* [What you need to do] The required response is the number of lines in the entries that include the word "start", with nothing added.

====== Entries provided ======

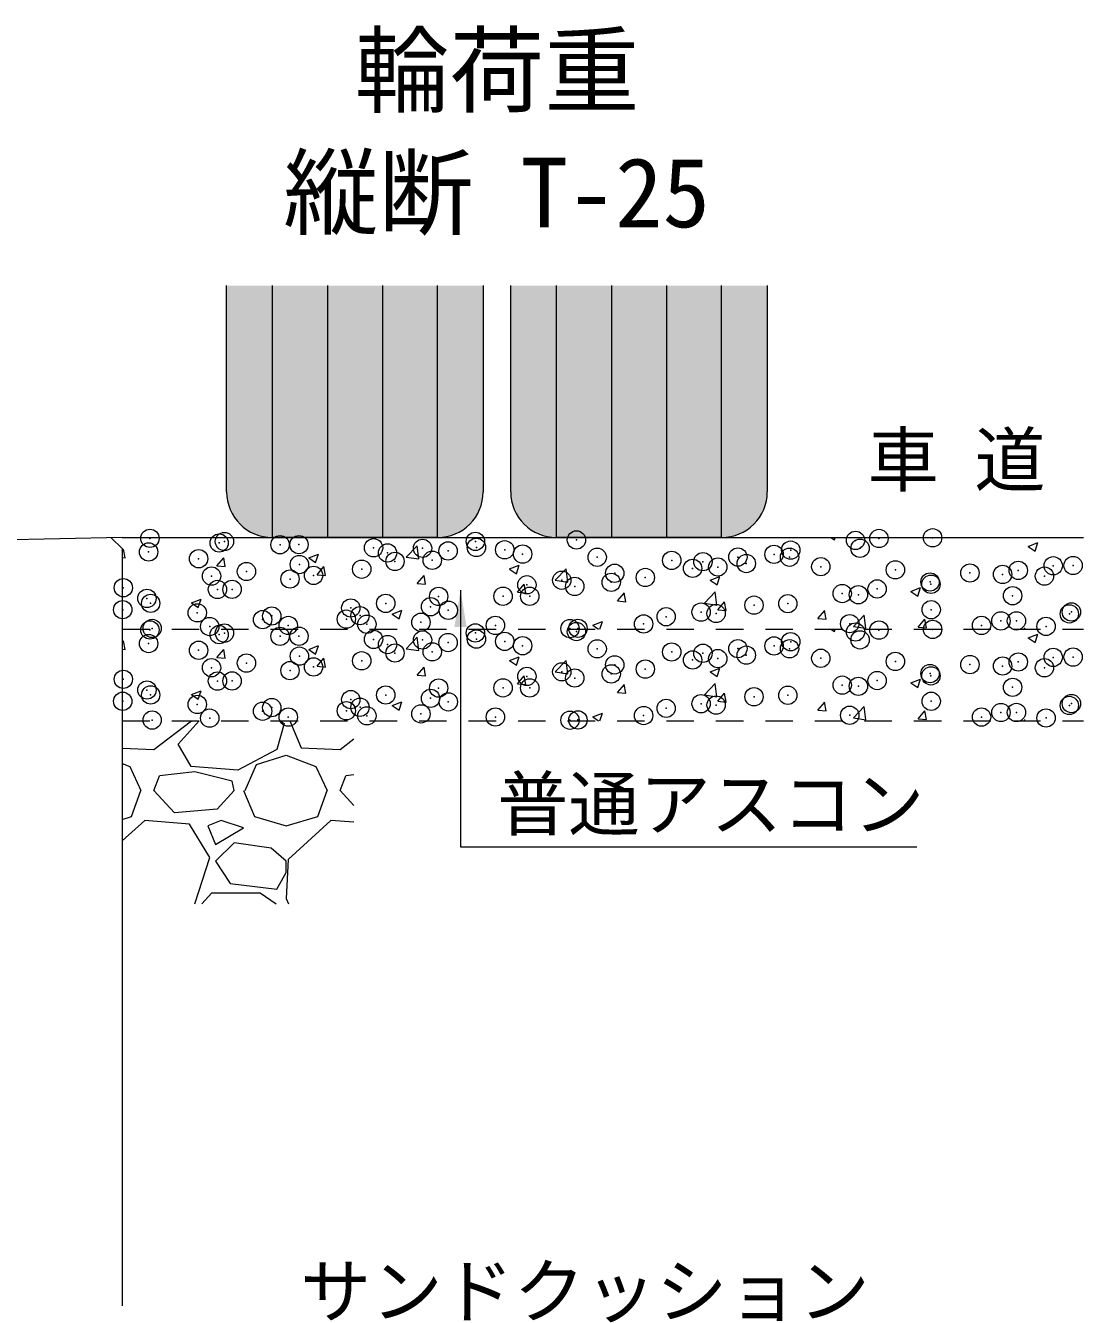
# Model space of a CAD drawing. Units: millimetres at full size; details may follow other scales. Extents: x 80703 to 103503, y 5263 to 15046.
# Drawn here: x 91375 to 91952, y 11072 to 11767 of the extents above; entities that cross this region are included whole.
import ezdxf
from ezdxf.enums import TextEntityAlignment as Align

# ---------------------------------------------------------------- set-up
doc = ezdxf.new("R2010")
doc.units = ezdxf.units.MM
doc.header["$LTSCALE"] = 20
doc.header["$PDMODE"] = 32
doc.header["$PDSIZE"] = 10
doc.linetypes.add('USER1', pattern=[1.35, 0.75, -0.6])
for name, color, linetype, lineweight in [('0_2', 7, 'Continuous', 9), ('寸法線', 7, 'Continuous', 9), ('ﾊｯﾁﾝｸﾞ', 7, 'Continuous', 5)]:
    doc.layers.add(name, color=color, linetype=linetype, lineweight=lineweight)
doc.styles.add('ＭＳ ゴシック', font='')
doc.styles.get('ＭＳ ゴシック').set_extended_font_data('MS Gothic')

# ---------------------------------------------------------------- blocks, each defined once
blk = doc.blocks.new('filled_arrow')
at = {"color": 0, "linetype": 'Continuous', "lineweight": -2}
blk.add_solid([(7.5, 1.25), (0, 0), (7.5, -1.25)], dxfattribs=at)

msp = doc.modelspace()

# ---------------------------------------------------------------- hatches: boundary and pattern name
at = {"layer": 'ﾊｯﾁﾝｸﾞ'}
for points in [[(91484.51, 11624.52), (91484.51, 11512.02, 0.41421), (91509.51, 11487.02), (91599.51, 11487.02, 0.41421), (91624.51, 11512.02), (91624.51, 11624.52)], [(91779.51, 11624.52), (91639.51, 11624.52), (91639.51, 11512.02, 0.41421), (91664.51, 11487.02), (91754.51, 11487.02, 0.41421), (91779.51, 11512.02)]]:
    msp.add_hatch(color=256, dxfattribs=at).paths.add_polyline_path(points)

# ---------------------------------------------------------------- linework, layer by layer
at = {"layer": '0_2'}
for p, q in [((91484.51, 11512.02), (91484.51, 11624.52)), ((91624.51, 11624.52), (91624.51, 11512.02)), ((91639.51, 11512.02), (91639.51, 11624.52)), ((91779.51, 11624.52), (91779.51, 11512.02)), ((91599.51, 11487.02), (91509.51, 11487.02)), ((91754.51, 11487.02), (91664.51, 11487.02))]:
    msp.add_line(p, q, dxfattribs=at)
at = {"layer": '0_2', "lineweight": 5}
for p, q in [((91509.51, 11487.02), (91509.51, 11624.52)), ((91539.51, 11624.52), (91539.51, 11487.02)), ((91569.51, 11624.52), (91569.51, 11487.02)), ((91599.51, 11487.02), (91599.51, 11624.52)), ((91664.51, 11487.02), (91664.51, 11624.52)), ((91694.51, 11624.52), (91694.51, 11487.02)), ((91724.51, 11624.52), (91724.51, 11487.02)), ((91754.51, 11487.02), (91754.51, 11624.52))]:
    msp.add_line(p, q, dxfattribs=at)
at = {"layer": '0_2', "lineweight": 20}
for p, q in [((91427.52, 11487.02), (91333.52, 11485.14)), ((91421.52, 11486.9), (91427.52, 11481.02)), ((91427.52, 11487.02), (91952.09, 11487.02)), ((91427.52, 11481.02), (91427.52, 10995.02))]:
    msp.add_line(p, q, dxfattribs=at)
at = {"layer": '0_2', "linetype": 'USER1'}
for p, q in [((91427.52, 11437.02), (91952.09, 11437.02)), ((91427.52, 11387.02), (91952.09, 11387.02))]:
    msp.add_line(p, q, dxfattribs=at)
at = {"layer": '0_2'}
for centre, start, end in [((91509.51, 11512.02), 180, 270), ((91599.51, 11512.02), 270, 0), ((91664.51, 11512.02), 180, 270), ((91754.51, 11512.02), 270, 0)]:
    msp.add_arc(centre, 25, start, end, dxfattribs=at)
at = {"layer": '寸法線'}
msp.add_lwpolyline([(91612.14, 11458.29), (91612.14, 11318.17), (91861.18, 11318.17)], dxfattribs=at)
at = {"layer": 'ﾊｯﾁﾝｸﾞ'}
for p, q in [((91814.26, 11487.02), (91816.13, 11485.76)), ((91816.13, 11485.76), (91816.55, 11487.02)), ((91427.52, 11479.83), (91428.24, 11480.69)), ((91429.12, 11475.91), (91428.24, 11480.69)), ((91582.54, 11476.36), (91588.47, 11482.55)), ((91589.31, 11475.31), (91588.47, 11482.55)), ((91921.85, 11482.22), (91927.18, 11484.27)), ((91921.85, 11482.21), (91925.64, 11479.66)), ((91925.64, 11479.66), (91927.18, 11484.26)), ((91427.52, 11476.06), (91429.12, 11475.92)), ((91479.22, 11471.53), (91482.9, 11475.91)), ((91479.22, 11471.53), (91483.78, 11471.13)), ((91483.77, 11471.13), (91482.89, 11475.91)), ((91529.29, 11475.95), (91533.08, 11473.39)), ((91529.3, 11475.95), (91534.63, 11478)), ((91533.08, 11473.39), (91534.63, 11477.99)), ((91533.88, 11466.75), (91537.55, 11471.13)), ((91538.43, 11466.35), (91537.55, 11471.13)), ((91582.54, 11476.36), (91589.31, 11475.31)), ((91638.8, 11469.85), (91644.14, 11471.89)), ((91642.59, 11467.29), (91644.14, 11471.89)), ((91533.88, 11466.75), (91538.43, 11466.35)), ((91588.54, 11461.97), (91592.21, 11466.35)), ((91593.08, 11461.57), (91592.2, 11466.35)), ((91638.8, 11469.84), (91642.59, 11467.29)), ((91663.86, 11463.75), (91669.8, 11469.93)), ((91670.64, 11462.7), (91669.79, 11469.93)), ((91748.31, 11463.74), (91753.65, 11465.79)), ((91752.1, 11461.18), (91753.65, 11465.79)), ((91588.54, 11461.97), (91593.09, 11461.57)), ((91643.19, 11457.19), (91646.86, 11461.57)), ((91647.74, 11456.79), (91646.86, 11461.56)), ((91663.86, 11463.75), (91670.64, 11462.7)), ((91745.18, 11451.13), (91751.12, 11457.32)), ((91748.31, 11463.74), (91752.1, 11461.18)), ((91751.96, 11450.08), (91751.12, 11457.32)), ((91857.82, 11457.64), (91863.16, 11459.69)), ((91857.82, 11457.64), (91861.61, 11455.08)), ((91861.61, 11455.08), (91863.16, 11459.69)), ((91465.27, 11451.37), (91470.61, 11453.42)), ((91465.27, 11451.37), (91469.06, 11448.81)), ((91469.06, 11448.81), (91470.6, 11453.42)), ((91643.19, 11457.19), (91647.75, 11456.79)), ((91697.85, 11452.41), (91701.52, 11456.78)), ((91697.85, 11452.41), (91702.4, 11452.01)), ((91702.39, 11452.01), (91701.51, 11456.78)), ((91745.18, 11451.14), (91751.96, 11450.09)), ((91752.5, 11447.62), (91756.18, 11452)), ((91757.05, 11447.22), (91756.17, 11452)), ((91574.78, 11445.27), (91580.12, 11447.32)), ((91574.78, 11445.27), (91578.57, 11442.71)), ((91578.57, 11442.71), (91580.11, 11447.31)), ((91752.5, 11447.62), (91757.06, 11447.23)), ((91807.16, 11442.84), (91810.83, 11447.22)), ((91811.7, 11442.44), (91810.82, 11447.22)), ((91826.51, 11438.52), (91832.44, 11444.71)), ((91833.28, 11437.47), (91832.44, 11444.71)), ((91684.29, 11439.17), (91689.62, 11441.21)), ((91684.29, 11439.16), (91687.46, 11437.02)), ((91688.22, 11437.02), (91689.62, 11441.21)), ((91807.16, 11442.84), (91811.71, 11442.44)), ((91814.26, 11437.02), (91816.13, 11435.76)), ((91816.13, 11435.76), (91816.55, 11437.02)), ((91826.51, 11438.52), (91833.28, 11437.47)), ((91861.81, 11438.06), (91865.49, 11442.44)), ((91861.81, 11438.06), (91866.37, 11437.66)), ((91866.36, 11437.66), (91865.48, 11442.44)), ((91919.61, 11437.02), (91920.14, 11437.66)), ((91920.25, 11437.02), (91920.13, 11437.66)), ((91427.52, 11429.83), (91428.24, 11430.69)), ((91429.12, 11425.92), (91428.24, 11430.69)), ((91582.54, 11426.36), (91588.47, 11432.55)), ((91589.31, 11425.31), (91588.47, 11432.55)), ((91921.85, 11432.22), (91927.18, 11434.27)), ((91921.85, 11432.21), (91925.64, 11429.66)), ((91925.64, 11429.66), (91927.18, 11434.26)), ((91427.52, 11426.06), (91429.12, 11425.92)), ((91479.22, 11421.53), (91482.9, 11425.91)), ((91483.77, 11421.13), (91482.89, 11425.91)), ((91529.29, 11425.95), (91533.08, 11423.39)), ((91529.3, 11425.95), (91534.63, 11428)), ((91533.08, 11423.39), (91534.63, 11427.99)), ((91582.54, 11426.36), (91589.31, 11425.31)), ((91479.22, 11421.53), (91483.78, 11421.13)), ((91533.88, 11416.75), (91537.55, 11421.13)), ((91533.88, 11416.75), (91538.43, 11416.35)), ((91538.43, 11416.35), (91537.55, 11421.13)), ((91588.54, 11411.97), (91592.21, 11416.35)), ((91593.08, 11411.57), (91592.2, 11416.35)), ((91638.8, 11419.85), (91644.14, 11421.89)), ((91638.8, 11419.84), (91642.59, 11417.29)), ((91642.59, 11417.29), (91644.14, 11421.89)), ((91663.86, 11413.75), (91669.8, 11419.93)), ((91670.64, 11412.7), (91669.79, 11419.93)), ((91748.31, 11413.74), (91753.65, 11415.79)), ((91752.1, 11411.18), (91753.65, 11415.79)), ((91588.54, 11411.97), (91593.09, 11411.57)), ((91643.19, 11407.19), (91646.86, 11411.57)), ((91647.74, 11406.79), (91646.86, 11411.56)), ((91663.86, 11413.75), (91670.64, 11412.7)), ((91748.31, 11413.74), (91752.1, 11411.18)), ((91857.82, 11407.64), (91863.16, 11409.69)), ((91861.61, 11405.08), (91863.16, 11409.69)), ((91465.27, 11401.37), (91470.61, 11403.42)), ((91469.06, 11398.81), (91470.6, 11403.42)), ((91643.19, 11407.19), (91647.75, 11406.79)), ((91697.85, 11402.41), (91701.52, 11406.78)), ((91697.85, 11402.41), (91702.4, 11402.01)), ((91702.39, 11402.01), (91701.51, 11406.78)), ((91745.18, 11401.14), (91751.12, 11407.32)), ((91751.96, 11400.08), (91751.12, 11407.32)), ((91752.5, 11397.62), (91756.18, 11402)), ((91757.05, 11397.22), (91756.17, 11402)), ((91857.82, 11407.64), (91861.61, 11405.08)), ((91465.27, 11401.37), (91469.06, 11398.81)), ((91574.78, 11395.27), (91580.12, 11397.32)), ((91574.78, 11395.27), (91578.57, 11392.71)), ((91578.57, 11392.71), (91580.11, 11397.31)), ((91745.18, 11401.14), (91751.96, 11400.09)), ((91752.5, 11397.62), (91757.06, 11397.23)), ((91807.16, 11392.84), (91810.83, 11397.22)), ((91811.7, 11392.44), (91810.82, 11397.22)), ((91684.29, 11389.17), (91689.62, 11391.21)), ((91684.29, 11389.16), (91687.46, 11387.02)), ((91688.22, 11387.02), (91689.62, 11391.21)), ((91807.16, 11392.84), (91811.71, 11392.44)), ((91826.51, 11388.52), (91832.44, 11394.71)), ((91826.51, 11388.53), (91833.28, 11387.47)), ((91833.28, 11387.47), (91832.44, 11394.71)), ((91861.81, 11388.06), (91865.49, 11392.44)), ((91861.81, 11388.06), (91866.37, 11387.66)), ((91866.36, 11387.66), (91865.48, 11392.44)), ((91444.86, 11371.26), (91465.27, 11387.02)), ((91458.07, 11374.3), (91469.52, 11387.02)), ((91515.98, 11385.48), (91511.92, 11371.26)), ((91513.75, 11387.02), (91515.98, 11385.48)), ((91518.92, 11387.02), (91525.13, 11372.27)), ((91919.61, 11387.02), (91920.14, 11387.66)), ((91920.25, 11387.02), (91920.13, 11387.66)), ((91465.18, 11362.11), (91458.07, 11374.3)), ((91546.46, 11371.26), (91553.97, 11377.06)), ((91427.52, 11372.08), (91444.86, 11371.26)), ((91511.92, 11371.26), (91490.58, 11360.08)), ((91500.74, 11363.13), (91517, 11368.21)), ((91517, 11368.21), (91533.25, 11362.11)), ((91525.13, 11372.27), (91546.46, 11371.26)), ((91427.52, 11363.66), (91431.65, 11362.11)), ((91431.65, 11362.11), (91437.75, 11348.9)), ((91490.58, 11360.08), (91465.18, 11362.11)), ((91494.65, 11348.9), (91500.74, 11363.13)), ((91533.25, 11362.11), (91539.35, 11348.9)), ((91444.86, 11348.9), (91447.91, 11357.03)), ((91467.21, 11359.06), (91447.91, 11357.03)), ((91487.53, 11353.98), (91467.21, 11359.06)), ((91488.55, 11348.9), (91487.53, 11353.98)), ((91546.46, 11348.9), (91549.51, 11357.03)), ((91553.97, 11357.5), (91549.51, 11357.03)), ((91432.67, 11334.68), (91437.75, 11348.9)), ((91456.04, 11336.71), (91444.86, 11348.9)), ((91488.55, 11348.9), (91479.41, 11338.74)), ((91493.63, 11348.9), (91499.73, 11334.68)), ((91534.27, 11334.68), (91539.35, 11348.9)), ((91553.97, 11340.71), (91546.46, 11348.9)), ((91427.52, 11333.17), (91432.67, 11334.68)), ((91439.78, 11332.65), (91427.52, 11321.45)), ((91464.17, 11330.62), (91439.78, 11332.65)), ((91479.41, 11338.74), (91456.04, 11336.71)), ((91481.44, 11332.65), (91474.33, 11329.6)), ((91493.63, 11328.58), (91481.44, 11332.65)), ((91499.73, 11334.68), (91517, 11329.6)), ((91517, 11329.6), (91534.27, 11334.68)), ((91541.38, 11332.65), (91518.01, 11311.31)), ((91553.97, 11331.6), (91541.38, 11332.65)), ((91475.34, 11312.33), (91464.17, 11330.62)), ((91474.33, 11329.6), (91478.39, 11319.44)), ((91478.39, 11319.44), (91493.63, 11328.58)), ((91488.55, 11320.46), (91478.39, 11310.3)), ((91508.87, 11317.41), (91488.55, 11320.46)), ((91467.24, 11287.01), (91475.34, 11312.33)), ((91517, 11310.3), (91508.87, 11317.41)), ((91478.39, 11310.3), (91486.52, 11298.1)), ((91518.01, 11311.31), (91517, 11289.98)), ((91517, 11304.2), (91517, 11310.3)), ((91486.52, 11298.1), (91511.92, 11295.06)), ((91511.92, 11295.06), (91517, 11304.2)), ((91470.95, 11287.01), (91476.36, 11293.02)), ((91476.36, 11293.02), (91502.77, 11293.02)), ((91502.77, 11293.02), (91511.46, 11287.01)), ((91517, 11289.98), (91518.25, 11287.01))]:
    msp.add_line(p, q, dxfattribs=at)
for p in [(91442.64, 11486.58), (91480.43, 11484.04), (91483.31, 11484.86), (91513.67, 11483.1), (91523.99, 11483.14), (91564.67, 11481.42), (91591.39, 11481.13), (91620.24, 11484.93), (91620.81, 11481.62), (91636.27, 11480.34), (91675.39, 11485.71), (91792.32, 11480.16), (91827.66, 11485.47), (91830.15, 11481.17), (91840.44, 11486.5), (91869.72, 11486.89), (91441.94, 11479.16), (91469.23, 11475.47), (91572.31, 11478.61), (91576.37, 11473.99), (91596.69, 11474.63), (91605.35, 11479.7), (91646.02, 11477.98), (91686.7, 11476.26), (91727.38, 11474.55), (91744.38, 11473.85), (91763.46, 11476.36), (91783.22, 11477.84), (91791.66, 11476.3), (91495.33, 11468.48), (91524.19, 11472.28), (91531.93, 11466.37), (91558.2, 11469.75), (91696.26, 11467.52), (91738.78, 11470.21), (91752.53, 11470.93), (91768.05, 11472.83), (91808.73, 11471.11), (91849.41, 11469.39), (91890.09, 11467.67), (91907.92, 11466.89), (91916.46, 11469.09), (91935.53, 11471.6), (91946.41, 11471.76), (91428.13, 11459.63), (91476.25, 11465.97), (91519.08, 11464.38), (91648.32, 11461.21), (91667.4, 11463.72), (91674.47, 11460.34), (91694.35, 11462.58), (91712.96, 11465.22), (91868.33, 11462.76), (91868.8, 11461.52), (91930.76, 11465.95), (91441.01, 11453.79), (91479.5, 11458.67), (91487.49, 11458.74), (91600.2, 11454.87), (91635.34, 11454.97), (91649.91, 11454.95), (91820.4, 11456.45), (91829.22, 11455.81), (91839.47, 11458.96), (91913.39, 11455.26), (91427.8, 11447.64), (91443.05, 11451.11), (91468.48, 11445.92), (91552.26, 11448.56), (91571.34, 11451.07), (91595.77, 11449.26), (91605.47, 11447.33), (91743.41, 11446.31), (91751.61, 11445.56), (91772.27, 11450.11), (91790.73, 11450.93), (91868.95, 11447.63), (91944.34, 11445.35), (91945.48, 11446.4), (91475.28, 11438.43), (91504.14, 11442.23), (91509.15, 11444.2), (91518.15, 11439.02), (91549.83, 11442.48), (91557.28, 11444.38), (91561.03, 11439.7), (91590.51, 11440.76), (91631.18, 11439.05), (91712.03, 11439.85), (91724.34, 11443.8), (91824.52, 11440), (91896.41, 11439.04), (91906.99, 11441.52), (91915.49, 11441.55), (91931.65, 11438.53), (91442.64, 11436.58), (91443.87, 11437.4), (91480.43, 11434.04), (91483.31, 11434.86), (91513.67, 11433.1), (91523.99, 11433.14), (91564.67, 11431.42), (91620.24, 11434.93), (91620.81, 11431.62), (91671.86, 11437.33), (91675.39, 11435.71), (91676.21, 11437.46), (91827.66, 11435.47), (91840.44, 11436.5), (91869.72, 11436.89), (91441.94, 11429.16), (91469.23, 11425.47), (91572.31, 11428.62), (91591.39, 11431.13), (91596.69, 11424.63), (91605.35, 11429.7), (91636.27, 11430.34), (91646.02, 11427.98), (91686.7, 11426.27), (91727.38, 11424.55), (91763.46, 11426.37), (91783.22, 11427.84), (91791.66, 11426.3), (91792.32, 11430.16), (91830.15, 11431.17), (91495.33, 11418.48), (91524.19, 11422.28), (91558.2, 11419.75), (91576.37, 11423.99), (91738.78, 11420.21), (91744.38, 11423.85), (91752.53, 11420.93), (91768.05, 11422.83), (91808.73, 11421.11), (91849.41, 11419.39), (91890.09, 11417.67), (91916.46, 11419.09), (91935.53, 11421.6), (91946.41, 11421.76), (91476.25, 11415.97), (91519.08, 11414.38), (91531.93, 11416.37), (91648.32, 11411.21), (91667.4, 11413.72), (91694.35, 11412.58), (91696.26, 11417.52), (91712.96, 11415.22), (91868.33, 11412.76), (91868.8, 11411.52), (91907.92, 11416.89), (91930.76, 11415.95), (91428.13, 11409.63), (91441.01, 11403.79), (91479.5, 11408.67), (91487.49, 11408.74), (91600.2, 11404.87), (91635.34, 11404.97), (91649.91, 11404.95), (91674.47, 11410.34), (91820.4, 11406.45), (91829.22, 11405.81), (91839.47, 11408.96), (91913.39, 11405.26), (91427.8, 11397.64), (91443.05, 11401.11), (91552.26, 11398.56), (91571.34, 11401.07), (91595.77, 11399.26), (91605.47, 11397.33), (91772.27, 11400.11), (91790.73, 11400.93), (91868.95, 11397.63), (91468.48, 11395.92), (91504.14, 11392.23), (91509.15, 11394.2), (91549.83, 11392.48), (91557.28, 11394.38), (91590.51, 11390.76), (91712.03, 11389.85), (91724.34, 11393.8), (91743.41, 11396.31), (91751.61, 11395.56), (91824.52, 11390), (91906.99, 11391.52), (91915.49, 11391.55), (91944.34, 11395.35), (91945.48, 11396.4), (91443.87, 11387.4), (91475.28, 11388.43), (91518.15, 11389.02), (91561.03, 11389.7), (91631.18, 11389.05), (91671.86, 11387.33), (91676.21, 11387.46), (91896.41, 11389.04), (91931.65, 11388.53)]:
    msp.add_point(p, dxfattribs=at)

# ---------------------------------------------------------------- block references
at = {"layer": '寸法線', "xscale": 2.67, "yscale": 2.67, "rotation": 270}
msp.add_blockref('filled_arrow', (91612.14, 11458.29), dxfattribs=at)

# ---------------------------------------------------------------- texts
at = {"layer": '0_2', "style": 'ＭＳ ゴシック'}
for s, p in [('輪荷重', (91554.31, 11761.01)), ('縦断 T-25', (91515.46, 11694.35))]:
    msp.add_text(s, height=37.98, dxfattribs=at).set_placement(p, align=Align.TOP_LEFT)
msp.add_text('車 道', height=28.48, dxfattribs=at).set_placement((91834.29, 11506.69), align=Align.BOTTOM_LEFT)
at = {"layer": '寸法線', "style": 'ＭＳ ゴシック'}
for s, p in [('普通アスコン', (91632.14, 11355.85)), ('サンドクッション', (91524.62, 11089.95))]:
    msp.add_text(s, height=28.48, dxfattribs=at).set_placement(p, align=Align.TOP_LEFT)

doc.saveas('drawing.dxf')

======

* [Answer to this exercise] 2